WORK TO BE COMPLETED:
Set down, please, without alteration, the lines of the entries below from the first through the one containing "Ki_PLL = 0.005".

----- THE DATA

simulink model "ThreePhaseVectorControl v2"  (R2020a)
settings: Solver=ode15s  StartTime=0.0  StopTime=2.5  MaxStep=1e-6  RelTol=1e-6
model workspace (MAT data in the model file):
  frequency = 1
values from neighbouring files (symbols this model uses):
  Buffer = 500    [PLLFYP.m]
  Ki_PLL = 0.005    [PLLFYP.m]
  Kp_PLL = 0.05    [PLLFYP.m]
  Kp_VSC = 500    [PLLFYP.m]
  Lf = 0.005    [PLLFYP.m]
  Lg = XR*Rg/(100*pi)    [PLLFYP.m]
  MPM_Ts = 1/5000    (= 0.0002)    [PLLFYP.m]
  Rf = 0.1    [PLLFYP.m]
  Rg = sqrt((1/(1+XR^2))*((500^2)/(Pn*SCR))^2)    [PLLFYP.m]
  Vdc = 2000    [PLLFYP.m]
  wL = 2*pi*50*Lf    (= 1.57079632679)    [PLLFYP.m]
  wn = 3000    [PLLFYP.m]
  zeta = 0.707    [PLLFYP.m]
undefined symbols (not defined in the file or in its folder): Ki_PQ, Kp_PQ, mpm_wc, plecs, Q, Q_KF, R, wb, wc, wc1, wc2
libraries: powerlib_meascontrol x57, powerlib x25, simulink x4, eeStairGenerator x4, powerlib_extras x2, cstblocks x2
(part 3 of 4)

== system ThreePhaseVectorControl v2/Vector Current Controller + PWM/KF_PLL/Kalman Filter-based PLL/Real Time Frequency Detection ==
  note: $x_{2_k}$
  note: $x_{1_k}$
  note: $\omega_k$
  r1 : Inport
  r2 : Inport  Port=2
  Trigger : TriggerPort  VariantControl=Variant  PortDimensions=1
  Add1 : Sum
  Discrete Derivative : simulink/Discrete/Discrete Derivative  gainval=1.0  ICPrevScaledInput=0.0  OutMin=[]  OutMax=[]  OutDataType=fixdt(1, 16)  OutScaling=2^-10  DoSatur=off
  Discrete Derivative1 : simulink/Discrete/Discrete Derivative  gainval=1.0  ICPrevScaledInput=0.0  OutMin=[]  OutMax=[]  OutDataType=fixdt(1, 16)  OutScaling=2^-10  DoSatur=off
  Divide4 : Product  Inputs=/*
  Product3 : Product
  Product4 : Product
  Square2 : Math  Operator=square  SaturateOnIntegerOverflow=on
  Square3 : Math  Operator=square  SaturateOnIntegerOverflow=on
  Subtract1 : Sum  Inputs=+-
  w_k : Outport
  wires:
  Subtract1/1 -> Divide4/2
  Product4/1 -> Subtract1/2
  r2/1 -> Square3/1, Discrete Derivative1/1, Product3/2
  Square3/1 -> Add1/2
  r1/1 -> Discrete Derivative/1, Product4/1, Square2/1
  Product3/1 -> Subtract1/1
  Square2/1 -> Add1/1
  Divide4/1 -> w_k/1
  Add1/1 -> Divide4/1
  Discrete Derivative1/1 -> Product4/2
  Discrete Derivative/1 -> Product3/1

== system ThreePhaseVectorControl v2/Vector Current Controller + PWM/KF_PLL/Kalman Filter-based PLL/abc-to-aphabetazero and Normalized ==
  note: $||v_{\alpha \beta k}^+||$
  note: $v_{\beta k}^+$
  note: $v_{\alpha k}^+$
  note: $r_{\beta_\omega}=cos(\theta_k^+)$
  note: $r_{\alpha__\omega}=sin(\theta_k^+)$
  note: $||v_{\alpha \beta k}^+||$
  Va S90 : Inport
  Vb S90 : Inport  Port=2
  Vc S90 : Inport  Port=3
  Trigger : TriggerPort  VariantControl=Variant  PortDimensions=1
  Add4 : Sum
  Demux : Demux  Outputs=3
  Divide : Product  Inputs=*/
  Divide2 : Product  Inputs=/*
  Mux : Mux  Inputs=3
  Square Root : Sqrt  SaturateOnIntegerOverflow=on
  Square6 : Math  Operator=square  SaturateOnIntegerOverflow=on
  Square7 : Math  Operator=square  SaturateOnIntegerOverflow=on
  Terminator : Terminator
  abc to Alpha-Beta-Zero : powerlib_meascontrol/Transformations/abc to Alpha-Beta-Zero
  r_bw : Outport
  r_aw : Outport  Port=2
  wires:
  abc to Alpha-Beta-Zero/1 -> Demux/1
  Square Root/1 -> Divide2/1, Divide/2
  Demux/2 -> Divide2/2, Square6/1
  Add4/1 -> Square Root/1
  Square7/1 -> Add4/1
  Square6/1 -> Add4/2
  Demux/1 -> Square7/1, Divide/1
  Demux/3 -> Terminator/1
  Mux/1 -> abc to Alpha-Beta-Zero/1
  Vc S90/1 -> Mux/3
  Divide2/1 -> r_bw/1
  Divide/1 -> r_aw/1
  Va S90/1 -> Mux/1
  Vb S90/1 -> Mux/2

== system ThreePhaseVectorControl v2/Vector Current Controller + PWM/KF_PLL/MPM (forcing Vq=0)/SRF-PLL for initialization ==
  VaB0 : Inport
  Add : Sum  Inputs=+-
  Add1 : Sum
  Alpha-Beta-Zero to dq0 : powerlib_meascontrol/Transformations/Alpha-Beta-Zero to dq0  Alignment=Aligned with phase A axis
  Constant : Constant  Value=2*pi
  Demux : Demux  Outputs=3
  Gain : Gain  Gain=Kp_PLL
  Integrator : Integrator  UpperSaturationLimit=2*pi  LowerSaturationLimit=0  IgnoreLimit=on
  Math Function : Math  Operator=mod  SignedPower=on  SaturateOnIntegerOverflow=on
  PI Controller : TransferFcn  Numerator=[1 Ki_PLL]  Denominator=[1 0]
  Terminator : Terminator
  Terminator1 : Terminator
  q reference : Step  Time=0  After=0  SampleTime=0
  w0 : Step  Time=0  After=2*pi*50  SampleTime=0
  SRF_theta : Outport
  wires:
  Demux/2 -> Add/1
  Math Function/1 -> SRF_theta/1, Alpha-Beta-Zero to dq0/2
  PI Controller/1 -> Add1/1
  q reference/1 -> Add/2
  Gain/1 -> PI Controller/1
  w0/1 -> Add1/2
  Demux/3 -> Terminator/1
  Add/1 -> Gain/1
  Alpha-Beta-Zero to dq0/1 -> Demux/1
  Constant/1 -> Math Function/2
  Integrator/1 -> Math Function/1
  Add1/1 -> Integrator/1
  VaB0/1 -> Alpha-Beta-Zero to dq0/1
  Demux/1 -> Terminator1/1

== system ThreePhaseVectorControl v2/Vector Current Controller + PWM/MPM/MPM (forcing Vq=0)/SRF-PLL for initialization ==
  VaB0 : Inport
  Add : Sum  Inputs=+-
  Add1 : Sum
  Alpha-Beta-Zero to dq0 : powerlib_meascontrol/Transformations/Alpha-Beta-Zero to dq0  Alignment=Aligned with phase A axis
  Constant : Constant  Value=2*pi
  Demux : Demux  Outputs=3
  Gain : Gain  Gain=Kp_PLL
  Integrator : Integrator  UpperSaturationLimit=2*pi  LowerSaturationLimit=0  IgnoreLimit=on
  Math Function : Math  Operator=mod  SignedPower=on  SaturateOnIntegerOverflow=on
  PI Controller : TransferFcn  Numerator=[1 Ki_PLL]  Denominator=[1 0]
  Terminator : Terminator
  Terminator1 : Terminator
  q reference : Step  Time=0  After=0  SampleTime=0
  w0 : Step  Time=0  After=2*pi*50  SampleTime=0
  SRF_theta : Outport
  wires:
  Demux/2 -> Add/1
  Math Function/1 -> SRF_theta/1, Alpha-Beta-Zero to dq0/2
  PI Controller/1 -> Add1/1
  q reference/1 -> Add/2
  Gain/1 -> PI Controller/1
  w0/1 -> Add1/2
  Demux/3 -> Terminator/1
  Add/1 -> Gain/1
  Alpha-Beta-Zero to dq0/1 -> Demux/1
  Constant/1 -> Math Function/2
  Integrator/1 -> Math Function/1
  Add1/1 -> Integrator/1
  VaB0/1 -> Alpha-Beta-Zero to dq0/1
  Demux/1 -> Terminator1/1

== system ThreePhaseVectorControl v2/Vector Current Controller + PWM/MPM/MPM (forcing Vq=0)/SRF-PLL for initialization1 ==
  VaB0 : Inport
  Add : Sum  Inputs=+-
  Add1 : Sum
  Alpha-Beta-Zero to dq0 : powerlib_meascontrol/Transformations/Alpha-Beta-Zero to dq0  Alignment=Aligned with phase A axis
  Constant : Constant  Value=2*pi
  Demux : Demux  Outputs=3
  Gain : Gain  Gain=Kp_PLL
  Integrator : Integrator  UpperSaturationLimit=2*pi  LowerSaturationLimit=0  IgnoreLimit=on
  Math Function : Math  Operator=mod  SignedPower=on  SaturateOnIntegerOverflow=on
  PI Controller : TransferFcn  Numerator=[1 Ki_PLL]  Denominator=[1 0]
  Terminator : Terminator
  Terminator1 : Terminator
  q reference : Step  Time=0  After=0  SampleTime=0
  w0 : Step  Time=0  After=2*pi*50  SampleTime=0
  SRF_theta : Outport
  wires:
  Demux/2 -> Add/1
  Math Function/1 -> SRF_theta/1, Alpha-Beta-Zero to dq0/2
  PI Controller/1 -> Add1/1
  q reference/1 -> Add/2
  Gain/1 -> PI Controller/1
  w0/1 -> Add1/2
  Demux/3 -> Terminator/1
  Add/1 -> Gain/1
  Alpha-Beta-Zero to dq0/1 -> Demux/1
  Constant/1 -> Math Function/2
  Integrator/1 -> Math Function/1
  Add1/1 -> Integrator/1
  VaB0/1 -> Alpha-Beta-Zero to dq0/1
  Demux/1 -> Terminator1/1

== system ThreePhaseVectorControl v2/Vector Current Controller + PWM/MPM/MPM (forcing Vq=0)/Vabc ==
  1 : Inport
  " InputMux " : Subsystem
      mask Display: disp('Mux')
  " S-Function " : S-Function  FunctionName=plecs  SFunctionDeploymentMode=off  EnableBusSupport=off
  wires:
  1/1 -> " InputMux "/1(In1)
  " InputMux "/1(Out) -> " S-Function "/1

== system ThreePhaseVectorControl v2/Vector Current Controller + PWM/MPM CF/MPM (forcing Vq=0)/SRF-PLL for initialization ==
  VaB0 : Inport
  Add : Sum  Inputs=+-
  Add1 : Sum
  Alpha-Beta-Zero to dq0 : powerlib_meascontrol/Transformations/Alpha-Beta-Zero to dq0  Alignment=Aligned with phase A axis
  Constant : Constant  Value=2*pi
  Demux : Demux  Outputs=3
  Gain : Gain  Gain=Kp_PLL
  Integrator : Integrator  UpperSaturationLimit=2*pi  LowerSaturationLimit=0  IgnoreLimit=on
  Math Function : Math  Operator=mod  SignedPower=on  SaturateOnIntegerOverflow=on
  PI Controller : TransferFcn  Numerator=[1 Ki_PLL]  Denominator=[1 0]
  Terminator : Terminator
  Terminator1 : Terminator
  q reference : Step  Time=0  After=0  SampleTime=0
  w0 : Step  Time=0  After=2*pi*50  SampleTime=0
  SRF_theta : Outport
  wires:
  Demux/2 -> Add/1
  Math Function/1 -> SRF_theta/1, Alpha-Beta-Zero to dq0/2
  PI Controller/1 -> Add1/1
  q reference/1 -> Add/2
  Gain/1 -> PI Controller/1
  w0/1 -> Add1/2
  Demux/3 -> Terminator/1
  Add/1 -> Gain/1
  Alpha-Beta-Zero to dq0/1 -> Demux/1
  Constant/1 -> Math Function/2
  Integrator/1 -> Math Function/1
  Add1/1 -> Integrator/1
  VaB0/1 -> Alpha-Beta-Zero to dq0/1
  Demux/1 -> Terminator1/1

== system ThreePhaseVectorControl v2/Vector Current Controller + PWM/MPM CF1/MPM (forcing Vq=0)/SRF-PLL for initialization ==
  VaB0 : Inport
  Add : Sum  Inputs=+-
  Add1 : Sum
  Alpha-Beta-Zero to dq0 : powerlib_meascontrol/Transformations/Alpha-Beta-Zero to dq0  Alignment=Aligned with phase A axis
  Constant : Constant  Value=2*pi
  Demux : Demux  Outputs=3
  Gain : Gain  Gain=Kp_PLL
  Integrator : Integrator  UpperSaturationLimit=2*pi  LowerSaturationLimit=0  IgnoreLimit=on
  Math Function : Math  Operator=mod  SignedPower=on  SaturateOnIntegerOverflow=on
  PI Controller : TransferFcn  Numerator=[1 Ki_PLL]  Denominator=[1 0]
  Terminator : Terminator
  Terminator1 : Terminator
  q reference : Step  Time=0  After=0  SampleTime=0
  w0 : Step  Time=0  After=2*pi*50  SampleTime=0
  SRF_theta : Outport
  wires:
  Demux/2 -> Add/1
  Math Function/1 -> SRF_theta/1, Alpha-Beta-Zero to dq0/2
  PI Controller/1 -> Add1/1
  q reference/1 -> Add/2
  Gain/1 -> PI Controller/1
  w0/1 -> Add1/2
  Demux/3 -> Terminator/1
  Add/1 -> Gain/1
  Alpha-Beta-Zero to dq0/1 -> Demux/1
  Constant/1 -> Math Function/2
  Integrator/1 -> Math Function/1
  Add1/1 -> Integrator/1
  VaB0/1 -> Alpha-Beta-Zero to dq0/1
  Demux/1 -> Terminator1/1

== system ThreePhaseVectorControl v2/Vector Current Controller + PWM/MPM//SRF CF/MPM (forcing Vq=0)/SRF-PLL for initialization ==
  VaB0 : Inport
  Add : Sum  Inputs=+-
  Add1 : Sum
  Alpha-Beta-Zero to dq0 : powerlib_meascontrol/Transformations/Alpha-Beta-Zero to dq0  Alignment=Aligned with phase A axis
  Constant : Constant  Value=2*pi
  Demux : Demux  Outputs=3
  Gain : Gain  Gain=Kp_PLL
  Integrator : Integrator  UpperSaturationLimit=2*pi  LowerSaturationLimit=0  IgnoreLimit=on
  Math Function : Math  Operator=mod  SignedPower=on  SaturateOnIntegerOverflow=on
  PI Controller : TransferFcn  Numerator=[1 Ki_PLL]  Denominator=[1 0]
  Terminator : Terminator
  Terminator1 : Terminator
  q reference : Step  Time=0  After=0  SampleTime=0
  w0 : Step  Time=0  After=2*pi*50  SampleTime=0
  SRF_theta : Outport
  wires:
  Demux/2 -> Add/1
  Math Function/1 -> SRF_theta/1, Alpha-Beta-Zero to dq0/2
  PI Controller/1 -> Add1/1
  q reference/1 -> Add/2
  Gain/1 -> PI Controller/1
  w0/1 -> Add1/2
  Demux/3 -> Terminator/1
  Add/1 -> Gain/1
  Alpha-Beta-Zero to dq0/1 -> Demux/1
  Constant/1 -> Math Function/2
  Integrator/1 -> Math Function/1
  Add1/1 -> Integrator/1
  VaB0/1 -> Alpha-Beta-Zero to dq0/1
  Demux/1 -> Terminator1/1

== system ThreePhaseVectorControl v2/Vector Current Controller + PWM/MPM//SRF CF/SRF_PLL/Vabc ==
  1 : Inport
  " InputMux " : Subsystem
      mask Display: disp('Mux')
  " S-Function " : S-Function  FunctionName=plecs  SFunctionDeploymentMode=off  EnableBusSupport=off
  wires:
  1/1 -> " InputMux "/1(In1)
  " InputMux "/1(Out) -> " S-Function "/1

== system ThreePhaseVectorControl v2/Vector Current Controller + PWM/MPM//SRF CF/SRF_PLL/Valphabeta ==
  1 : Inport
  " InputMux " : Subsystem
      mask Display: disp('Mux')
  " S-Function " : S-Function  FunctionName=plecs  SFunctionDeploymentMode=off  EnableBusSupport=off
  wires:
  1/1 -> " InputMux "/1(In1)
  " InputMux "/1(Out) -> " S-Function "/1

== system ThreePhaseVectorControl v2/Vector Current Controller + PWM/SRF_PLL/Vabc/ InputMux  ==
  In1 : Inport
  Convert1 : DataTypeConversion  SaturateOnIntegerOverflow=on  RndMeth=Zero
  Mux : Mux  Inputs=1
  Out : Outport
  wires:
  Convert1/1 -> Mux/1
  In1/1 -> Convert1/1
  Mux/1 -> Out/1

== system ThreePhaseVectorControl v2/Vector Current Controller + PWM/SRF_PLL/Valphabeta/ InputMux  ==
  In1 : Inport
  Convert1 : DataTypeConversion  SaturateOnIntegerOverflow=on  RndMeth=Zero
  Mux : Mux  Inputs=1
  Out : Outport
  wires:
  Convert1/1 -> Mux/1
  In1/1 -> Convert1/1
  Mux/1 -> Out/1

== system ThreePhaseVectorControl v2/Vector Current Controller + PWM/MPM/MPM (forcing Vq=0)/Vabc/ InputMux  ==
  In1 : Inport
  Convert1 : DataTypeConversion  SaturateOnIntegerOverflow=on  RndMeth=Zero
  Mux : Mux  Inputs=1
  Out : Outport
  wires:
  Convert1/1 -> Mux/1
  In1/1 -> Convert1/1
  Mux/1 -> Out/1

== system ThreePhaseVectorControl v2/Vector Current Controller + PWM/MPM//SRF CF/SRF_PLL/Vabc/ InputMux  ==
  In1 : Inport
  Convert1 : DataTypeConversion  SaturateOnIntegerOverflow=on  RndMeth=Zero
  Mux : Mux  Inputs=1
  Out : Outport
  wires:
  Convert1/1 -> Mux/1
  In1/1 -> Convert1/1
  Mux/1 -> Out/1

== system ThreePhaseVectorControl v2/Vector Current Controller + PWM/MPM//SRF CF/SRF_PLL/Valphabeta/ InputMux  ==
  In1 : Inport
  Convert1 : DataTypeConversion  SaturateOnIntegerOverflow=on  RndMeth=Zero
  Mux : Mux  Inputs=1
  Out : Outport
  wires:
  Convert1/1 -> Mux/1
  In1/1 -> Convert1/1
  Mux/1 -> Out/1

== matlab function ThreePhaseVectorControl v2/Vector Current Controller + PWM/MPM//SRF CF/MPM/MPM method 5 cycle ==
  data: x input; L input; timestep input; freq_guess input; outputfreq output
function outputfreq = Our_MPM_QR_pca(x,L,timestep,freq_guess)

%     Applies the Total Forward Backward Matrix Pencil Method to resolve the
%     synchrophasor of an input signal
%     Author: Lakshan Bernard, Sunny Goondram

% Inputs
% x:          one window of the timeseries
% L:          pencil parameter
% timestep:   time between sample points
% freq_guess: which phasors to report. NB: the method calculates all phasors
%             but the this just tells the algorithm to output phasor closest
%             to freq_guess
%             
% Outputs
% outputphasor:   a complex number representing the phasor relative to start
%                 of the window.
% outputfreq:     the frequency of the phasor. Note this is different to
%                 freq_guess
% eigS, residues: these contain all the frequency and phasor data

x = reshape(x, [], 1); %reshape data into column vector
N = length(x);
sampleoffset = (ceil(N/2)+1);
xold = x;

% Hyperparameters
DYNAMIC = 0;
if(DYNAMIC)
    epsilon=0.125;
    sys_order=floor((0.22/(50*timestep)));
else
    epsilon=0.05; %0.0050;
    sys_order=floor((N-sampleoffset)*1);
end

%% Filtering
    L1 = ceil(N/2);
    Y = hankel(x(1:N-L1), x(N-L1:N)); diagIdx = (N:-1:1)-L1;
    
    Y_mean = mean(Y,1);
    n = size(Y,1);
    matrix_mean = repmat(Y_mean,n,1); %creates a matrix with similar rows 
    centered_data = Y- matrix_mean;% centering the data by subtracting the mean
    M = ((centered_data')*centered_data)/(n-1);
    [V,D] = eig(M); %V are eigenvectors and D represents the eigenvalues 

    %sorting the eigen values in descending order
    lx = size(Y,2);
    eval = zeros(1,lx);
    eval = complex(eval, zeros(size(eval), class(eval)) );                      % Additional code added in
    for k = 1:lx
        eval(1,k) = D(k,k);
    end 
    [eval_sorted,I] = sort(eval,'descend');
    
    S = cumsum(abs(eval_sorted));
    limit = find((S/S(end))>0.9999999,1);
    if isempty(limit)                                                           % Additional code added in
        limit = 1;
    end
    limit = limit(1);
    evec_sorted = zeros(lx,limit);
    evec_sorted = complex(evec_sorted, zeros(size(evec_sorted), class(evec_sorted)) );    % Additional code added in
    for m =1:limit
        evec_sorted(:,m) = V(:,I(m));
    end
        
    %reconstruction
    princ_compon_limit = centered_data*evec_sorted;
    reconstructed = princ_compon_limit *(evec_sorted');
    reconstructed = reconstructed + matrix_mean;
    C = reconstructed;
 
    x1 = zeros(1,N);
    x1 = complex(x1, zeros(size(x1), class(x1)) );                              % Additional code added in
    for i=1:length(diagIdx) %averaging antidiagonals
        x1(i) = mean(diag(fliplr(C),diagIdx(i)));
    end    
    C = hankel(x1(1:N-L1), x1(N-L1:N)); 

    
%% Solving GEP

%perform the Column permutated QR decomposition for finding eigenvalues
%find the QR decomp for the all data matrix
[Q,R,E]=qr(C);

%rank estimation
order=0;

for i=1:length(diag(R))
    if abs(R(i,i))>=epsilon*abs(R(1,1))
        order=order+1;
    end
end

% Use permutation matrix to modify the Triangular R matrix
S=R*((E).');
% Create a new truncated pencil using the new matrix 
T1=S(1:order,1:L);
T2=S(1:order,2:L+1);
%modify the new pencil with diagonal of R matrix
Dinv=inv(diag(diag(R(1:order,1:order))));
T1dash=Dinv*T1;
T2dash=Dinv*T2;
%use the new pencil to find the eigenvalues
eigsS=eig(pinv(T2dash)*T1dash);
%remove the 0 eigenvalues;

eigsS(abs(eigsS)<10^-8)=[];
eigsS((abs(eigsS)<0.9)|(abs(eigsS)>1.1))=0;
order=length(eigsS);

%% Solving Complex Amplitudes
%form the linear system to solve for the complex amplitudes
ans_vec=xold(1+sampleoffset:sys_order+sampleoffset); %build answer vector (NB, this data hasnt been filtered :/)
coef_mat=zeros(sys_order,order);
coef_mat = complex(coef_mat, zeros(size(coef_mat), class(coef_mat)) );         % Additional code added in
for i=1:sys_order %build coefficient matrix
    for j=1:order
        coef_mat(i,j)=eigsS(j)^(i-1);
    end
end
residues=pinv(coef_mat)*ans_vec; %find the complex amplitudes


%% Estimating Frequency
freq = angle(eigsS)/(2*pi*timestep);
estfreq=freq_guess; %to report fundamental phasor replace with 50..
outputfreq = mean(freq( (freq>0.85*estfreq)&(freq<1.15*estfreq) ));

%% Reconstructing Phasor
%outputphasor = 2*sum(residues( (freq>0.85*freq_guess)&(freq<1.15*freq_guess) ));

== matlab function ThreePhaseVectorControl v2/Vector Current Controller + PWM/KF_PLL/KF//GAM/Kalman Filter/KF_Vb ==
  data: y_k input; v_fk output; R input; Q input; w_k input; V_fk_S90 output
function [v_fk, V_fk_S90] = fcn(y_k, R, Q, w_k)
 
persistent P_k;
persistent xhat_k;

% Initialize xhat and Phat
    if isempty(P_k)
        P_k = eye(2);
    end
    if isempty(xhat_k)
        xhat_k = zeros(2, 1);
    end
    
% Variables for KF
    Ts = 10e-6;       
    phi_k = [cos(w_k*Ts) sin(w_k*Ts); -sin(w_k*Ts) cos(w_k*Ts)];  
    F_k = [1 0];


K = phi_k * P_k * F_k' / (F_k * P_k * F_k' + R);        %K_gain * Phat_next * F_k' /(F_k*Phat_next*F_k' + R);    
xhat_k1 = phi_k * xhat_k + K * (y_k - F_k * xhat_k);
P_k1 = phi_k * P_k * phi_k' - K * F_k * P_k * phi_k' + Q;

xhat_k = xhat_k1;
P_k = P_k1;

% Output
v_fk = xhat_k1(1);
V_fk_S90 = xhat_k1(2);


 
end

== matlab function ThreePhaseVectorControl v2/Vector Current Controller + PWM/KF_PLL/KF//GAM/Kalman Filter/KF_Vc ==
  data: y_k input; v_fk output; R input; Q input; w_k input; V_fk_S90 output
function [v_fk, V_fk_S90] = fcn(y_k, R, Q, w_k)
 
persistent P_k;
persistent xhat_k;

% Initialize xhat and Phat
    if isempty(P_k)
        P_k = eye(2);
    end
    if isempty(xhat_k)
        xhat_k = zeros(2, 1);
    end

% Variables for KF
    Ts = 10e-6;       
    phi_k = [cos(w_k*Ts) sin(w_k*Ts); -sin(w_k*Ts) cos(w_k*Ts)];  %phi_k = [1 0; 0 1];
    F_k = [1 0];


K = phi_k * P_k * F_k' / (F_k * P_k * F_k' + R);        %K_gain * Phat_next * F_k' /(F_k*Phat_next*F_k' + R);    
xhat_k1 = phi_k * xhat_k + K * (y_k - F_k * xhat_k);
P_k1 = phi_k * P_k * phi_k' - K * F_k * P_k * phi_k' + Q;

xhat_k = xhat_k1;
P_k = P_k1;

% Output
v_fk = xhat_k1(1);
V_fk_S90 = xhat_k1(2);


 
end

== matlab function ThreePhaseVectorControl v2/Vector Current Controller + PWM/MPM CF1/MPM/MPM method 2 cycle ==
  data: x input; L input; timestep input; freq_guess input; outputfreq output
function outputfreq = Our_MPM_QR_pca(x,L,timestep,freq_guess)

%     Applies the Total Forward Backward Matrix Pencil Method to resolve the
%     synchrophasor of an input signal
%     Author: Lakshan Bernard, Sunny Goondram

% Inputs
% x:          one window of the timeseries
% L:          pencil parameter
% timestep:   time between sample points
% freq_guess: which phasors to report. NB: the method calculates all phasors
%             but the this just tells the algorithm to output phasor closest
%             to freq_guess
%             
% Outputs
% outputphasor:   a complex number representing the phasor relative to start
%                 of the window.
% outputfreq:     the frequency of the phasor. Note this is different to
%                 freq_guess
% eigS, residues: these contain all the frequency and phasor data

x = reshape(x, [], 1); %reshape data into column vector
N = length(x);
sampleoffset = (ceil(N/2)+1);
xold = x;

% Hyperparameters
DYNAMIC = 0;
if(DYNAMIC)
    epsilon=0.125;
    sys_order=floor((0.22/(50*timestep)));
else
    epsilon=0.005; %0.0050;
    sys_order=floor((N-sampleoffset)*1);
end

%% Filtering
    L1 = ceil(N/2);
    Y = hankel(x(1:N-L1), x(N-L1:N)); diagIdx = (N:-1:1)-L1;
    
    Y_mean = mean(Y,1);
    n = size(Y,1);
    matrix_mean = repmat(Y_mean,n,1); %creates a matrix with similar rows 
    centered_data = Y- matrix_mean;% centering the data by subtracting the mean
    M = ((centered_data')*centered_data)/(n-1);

----------

RESPONSE BELOW:
simulink model "ThreePhaseVectorControl v2"  (R2020a)
settings: Solver=ode15s  StartTime=0.0  StopTime=2.5  MaxStep=1e-6  RelTol=1e-6
model workspace (MAT data in the model file):
  frequency = 1
values from neighbouring files (symbols this model uses):
  Buffer = 500    [PLLFYP.m]
  Ki_PLL = 0.005    [PLLFYP.m]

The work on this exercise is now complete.